Sunday, April 6, 2014

Is there an element of Romanticism in Twain's novel?

If we very broadly define Romanticism as depicting the world the way we'd like to it be rather than as it really is, yes, there is a strong element of Romanticism in Huckleberry Finn.
As has been often remarked, there is romance in Huck Finn that hits a deep strand of longing among men who yearn for an escape from female dominated society into a wild setting where they can be free and unfettered. Quite improbably, Huck and Jim achieve this dream of freedom, as well as the dream of male companionship in a world rid of ever-present women. Huck and Jim floating down the Mississippi together in raft, apart from civilization and women, may not be realistic, but it is a depiction of the world many men would like to experience.
The deep love and friendship that grows up between Jim and Huck is also Romantic. It is beautiful to depict a situation in which a black man and a white boy transcend the race barrier in the nineteenth South, but more a reflection of the world as we would like it to be than how the world really operates.
Finally, Romantic literature expresses a deep love a nature and celebrates the natural world as superior to civilization.
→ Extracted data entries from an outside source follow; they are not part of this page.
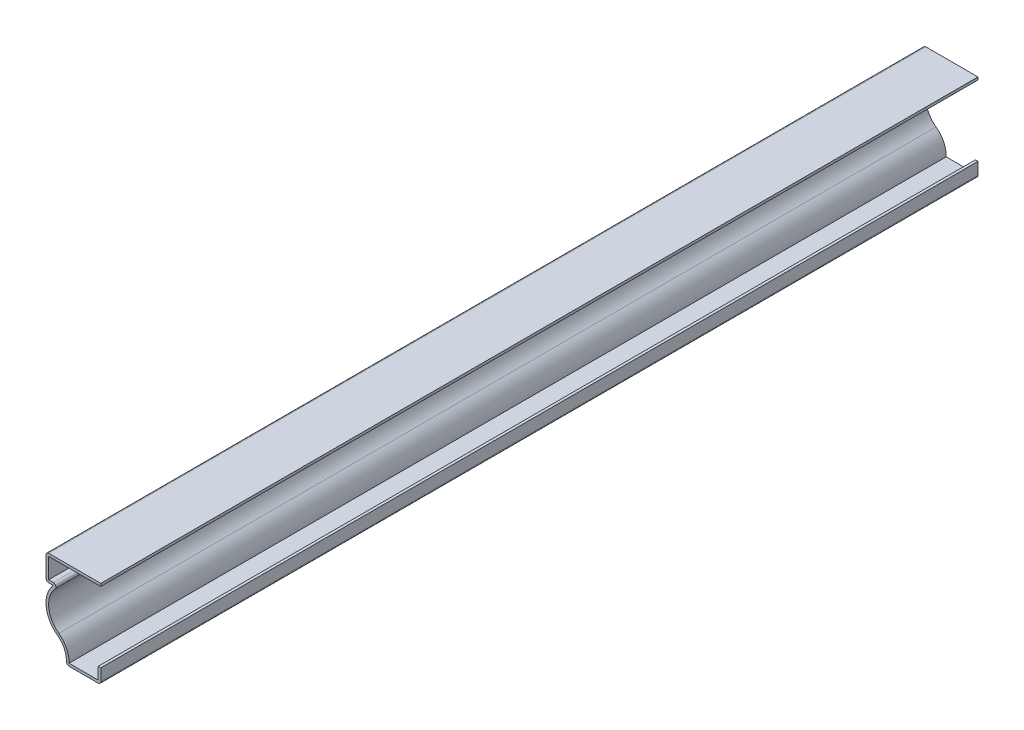
ISO-10303-21;
HEADER;
FILE_DESCRIPTION(('STEP AP214'),'2;1');
FILE_NAME('part.step','',(''),(''),'','','');
FILE_SCHEMA(('AUTOMOTIVE_DESIGN { 1 0 10303 214 1 1 1 1 }'));
ENDSEC;
DATA;
#1=APPLICATION_CONTEXT('core data for automotive mechanical design processes');
#2=APPLICATION_PROTOCOL_DEFINITION('international standard','automotive_design',2000,#1);
#3=PRODUCT_CONTEXT('',#1,'mechanical');
#4=PRODUCT('Part','Part','',(#3));
#5=PRODUCT_RELATED_PRODUCT_CATEGORY('part','',(#4));
#6=PRODUCT_DEFINITION_FORMATION('','',#4);
#7=PRODUCT_DEFINITION_CONTEXT('part definition',#1,'design');
#8=PRODUCT_DEFINITION('design','',#6,#7);
#9=PRODUCT_DEFINITION_SHAPE('','',#8);
#10=(LENGTH_UNIT() NAMED_UNIT(*) SI_UNIT(.MILLI.,.METRE.));
#11=(NAMED_UNIT(*) PLANE_ANGLE_UNIT() SI_UNIT($,.RADIAN.));
#12=(NAMED_UNIT(*) SI_UNIT($,.STERADIAN.) SOLID_ANGLE_UNIT());
#13=UNCERTAINTY_MEASURE_WITH_UNIT(LENGTH_MEASURE(1.E-05),#10,'distance_accuracy_value','');
#14=(GEOMETRIC_REPRESENTATION_CONTEXT(3) GLOBAL_UNCERTAINTY_ASSIGNED_CONTEXT((#13)) GLOBAL_UNIT_ASSIGNED_CONTEXT((#10,
#11,#12)) REPRESENTATION_CONTEXT('',''));
#15=CARTESIAN_POINT('',(0.,0.,0.));
#16=DIRECTION('',(0.,0.,1.));
#17=DIRECTION('',(1.,0.,0.));
#18=AXIS2_PLACEMENT_3D('',#15,#16,#17);
#19=CARTESIAN_POINT('',(-23.8125,36.957,-381.));
#20=DIRECTION('',(0.,-1.,0.));
#21=DIRECTION('',(0.,0.,-1.));
#22=AXIS2_PLACEMENT_3D('',#19,#20,#21);
#23=PLANE('',#22);
#24=DIRECTION('',(1.,0.,0.));
#25=VECTOR('',#24,1.);
#26=CARTESIAN_POINT('',(-23.8125,36.957,0.));
#27=LINE('',#26,#25);
#28=CARTESIAN_POINT('',(-22.6695,36.957,0.));
#29=VERTEX_POINT('',#28);
#30=CARTESIAN_POINT('',(0.,36.957,0.));
#31=VERTEX_POINT('',#30);
#32=EDGE_CURVE('E242',#29,#31,#27,.T.);
#33=ORIENTED_EDGE('',*,*,#32,.F.);
#34=DIRECTION('',(0.,0.,1.));
#35=VECTOR('',#34,1.);
#36=CARTESIAN_POINT('',(-22.6695,36.957,-381.));
#37=LINE('',#36,#35);
#38=CARTESIAN_POINT('',(-22.6695,36.957,-381.));
#39=VERTEX_POINT('',#38);
#40=EDGE_CURVE('E203',#39,#29,#37,.T.);
#41=ORIENTED_EDGE('',*,*,#40,.F.);
#42=DIRECTION('',(1.,0.,0.));
#43=VECTOR('',#42,1.);
#44=CARTESIAN_POINT('',(-23.8125,36.957,-381.));
#45=LINE('',#44,#43);
#46=CARTESIAN_POINT('',(0.,36.957,-381.));
#47=VERTEX_POINT('',#46);
#48=EDGE_CURVE('E185',#39,#47,#45,.T.);
#49=ORIENTED_EDGE('',*,*,#48,.T.);
#50=DIRECTION('',(0.,0.,1.));
#51=VECTOR('',#50,1.);
#52=CARTESIAN_POINT('',(0.,36.957,-381.));
#53=LINE('',#52,#51);
#54=EDGE_CURVE('E193',#47,#31,#53,.T.);
#55=ORIENTED_EDGE('',*,*,#54,.T.);
#56=EDGE_LOOP('',(#33,#41,#49,#55));
#57=FACE_BOUND('',#56,.T.);
#58=ADVANCED_FACE('F35',(#57),#23,.T.);
#59=CARTESIAN_POINT('',(-22.6695,26.9875,-381.));
#60=DIRECTION('',(1.,0.,0.));
#61=DIRECTION('',(0.,1.,0.));
#62=AXIS2_PLACEMENT_3D('',#59,#60,#61);
#63=PLANE('',#62);
#64=DIRECTION('',(0.,1.,0.));
#65=VECTOR('',#64,1.);
#66=CARTESIAN_POINT('',(-22.6695,26.9875,0.));
#67=LINE('',#66,#65);
#68=CARTESIAN_POINT('',(-22.6695,28.1305,0.));
#69=VERTEX_POINT('',#68);
#70=EDGE_CURVE('E204',#69,#29,#67,.T.);
#71=ORIENTED_EDGE('',*,*,#70,.F.);
#72=DIRECTION('',(0.,0.,1.));
#73=VECTOR('',#72,1.);
#74=CARTESIAN_POINT('',(-22.6695,28.1305,-381.));
#75=LINE('',#74,#73);
#76=CARTESIAN_POINT('',(-22.6695,28.1305,-381.));
#77=VERTEX_POINT('',#76);
#78=EDGE_CURVE('E279',#77,#69,#75,.T.);
#79=ORIENTED_EDGE('',*,*,#78,.F.);
#80=DIRECTION('',(0.,1.,0.));
#81=VECTOR('',#80,1.);
#82=CARTESIAN_POINT('',(-22.6695,26.9875,-381.));
#83=LINE('',#82,#81);
#84=EDGE_CURVE('E201',#77,#39,#83,.T.);
#85=ORIENTED_EDGE('',*,*,#84,.T.);
#86=ORIENTED_EDGE('',*,*,#40,.T.);
#87=EDGE_LOOP('',(#71,#79,#85,#86));
#88=FACE_BOUND('',#87,.T.);
#89=ADVANCED_FACE('F361',(#88),#63,.T.);
#90=CARTESIAN_POINT('',(-20.6375,28.1305,-381.));
#91=DIRECTION('',(0.,1.,0.));
#92=DIRECTION('',(0.,0.,1.));
#93=AXIS2_PLACEMENT_3D('',#90,#91,#92);
#94=PLANE('',#93);
#95=DIRECTION('',(1.,0.,0.));
#96=VECTOR('',#95,1.);
#97=CARTESIAN_POINT('',(-20.6375,28.1305,0.));
#98=LINE('',#97,#96);
#99=CARTESIAN_POINT('',(-20.6375,28.1305,0.));
#100=VERTEX_POINT('',#99);
#101=EDGE_CURVE('E207',#100,#69,#98,.F.);
#102=ORIENTED_EDGE('',*,*,#101,.F.);
#103=DIRECTION('',(0.,0.,1.));
#104=VECTOR('',#103,1.);
#105=CARTESIAN_POINT('',(-20.6375,28.1305,-381.));
#106=LINE('',#105,#104);
#107=CARTESIAN_POINT('',(-20.6375,28.1305,-381.));
#108=VERTEX_POINT('',#107);
#109=EDGE_CURVE('E331',#100,#108,#106,.F.);
#110=ORIENTED_EDGE('',*,*,#109,.T.);
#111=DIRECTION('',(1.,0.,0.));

This comes across clearly as Jim and Huck appreciate the beauty and freedom of the Mississippi.


As local color writing developed in American literature after the Civil War, it served as a bridge between the earlier period of Romanticism and the Realism of the twentieth century. The elements of Romanticism are clearly evident in the novel, especially in Twain’s descriptions of nature and the novel’s themes of personal freedom; the influence of Realism in fiction writing is evident in the many specific details throughout the novel that convey with accuracy and precision the society and culture that existed along the Southern banks of the Mississippi River at a particular time in American history. Despite its realistic depiction of people, places, and daily life, however, The Adventures of Huckleberry Finn is essentially a work of Romanticism that develops the theme found most consistently in romantic works: the goodness and nobility of the human spirit when it is free of the corruption of society.
The early writers of Romanticism, especially the Transcendentalists like Emerson and Thoreau, celebrated man’s essential goodness and condemned society as a force that suppresses individual freedom and spiritual enlightenment. The essential tenet of Romanticism is that only in nature, not in society, can an individual discover spiritual truth and live an authentic life consistent with his inherent goodness—and this is the essential theme woven throughout Twain’s novel.
Huck’s experiences take place on the Mississippi or in towns along the river. On the raft, he and Jim experience solitude and peace, surrounded by the natural beauty, mystery, and awesome power of the river. Only when they think of life on shore are they troubled, and only when society encroaches is the quality of their lives diminished. On the river, Huck and Jim are free. On the river—living in nature—Huck questions for the first time the moral and religious beliefs imposed on him by society and struggles to reconcile them with what he knows in his heart to be good or evil. When he cannot reconcile them with his own spirit, he rejects society’s teachings, choosing instead to “go to hell” before turning Jim over as a runaway slave. On the river with Jim, Huck is separated from the corruption of society and its influence, leaving him free to discover the goodness within himself.
The contrast between goodness found in nature and the corruption of society is developed throughout the novel as life on the river is continually contrasted with life beyond the Mississippi. All that is violent and vile occurs on land or is temporarily exported to Huck and Jim’s raft by dangerous, unwelcome emissaries from society along the river. The bloody Grangerford-Shepherdson feud, the greed and scheming of the phony Duke and King, Huck’s vicious father, and the cruelty of slavery are symptomatic of society’s corruption and the ways it corrupts those who live in it. A great irony in the novel, critics often point out, is that Huck Finn has to escape society in order to become “civilized.” As a work of Romanticism, however, The Adventures of Huckleberry Finn isn’t ironic at all. It’s in refusing to be “civilized” that Huck finds the goodness inherent in man’s nature.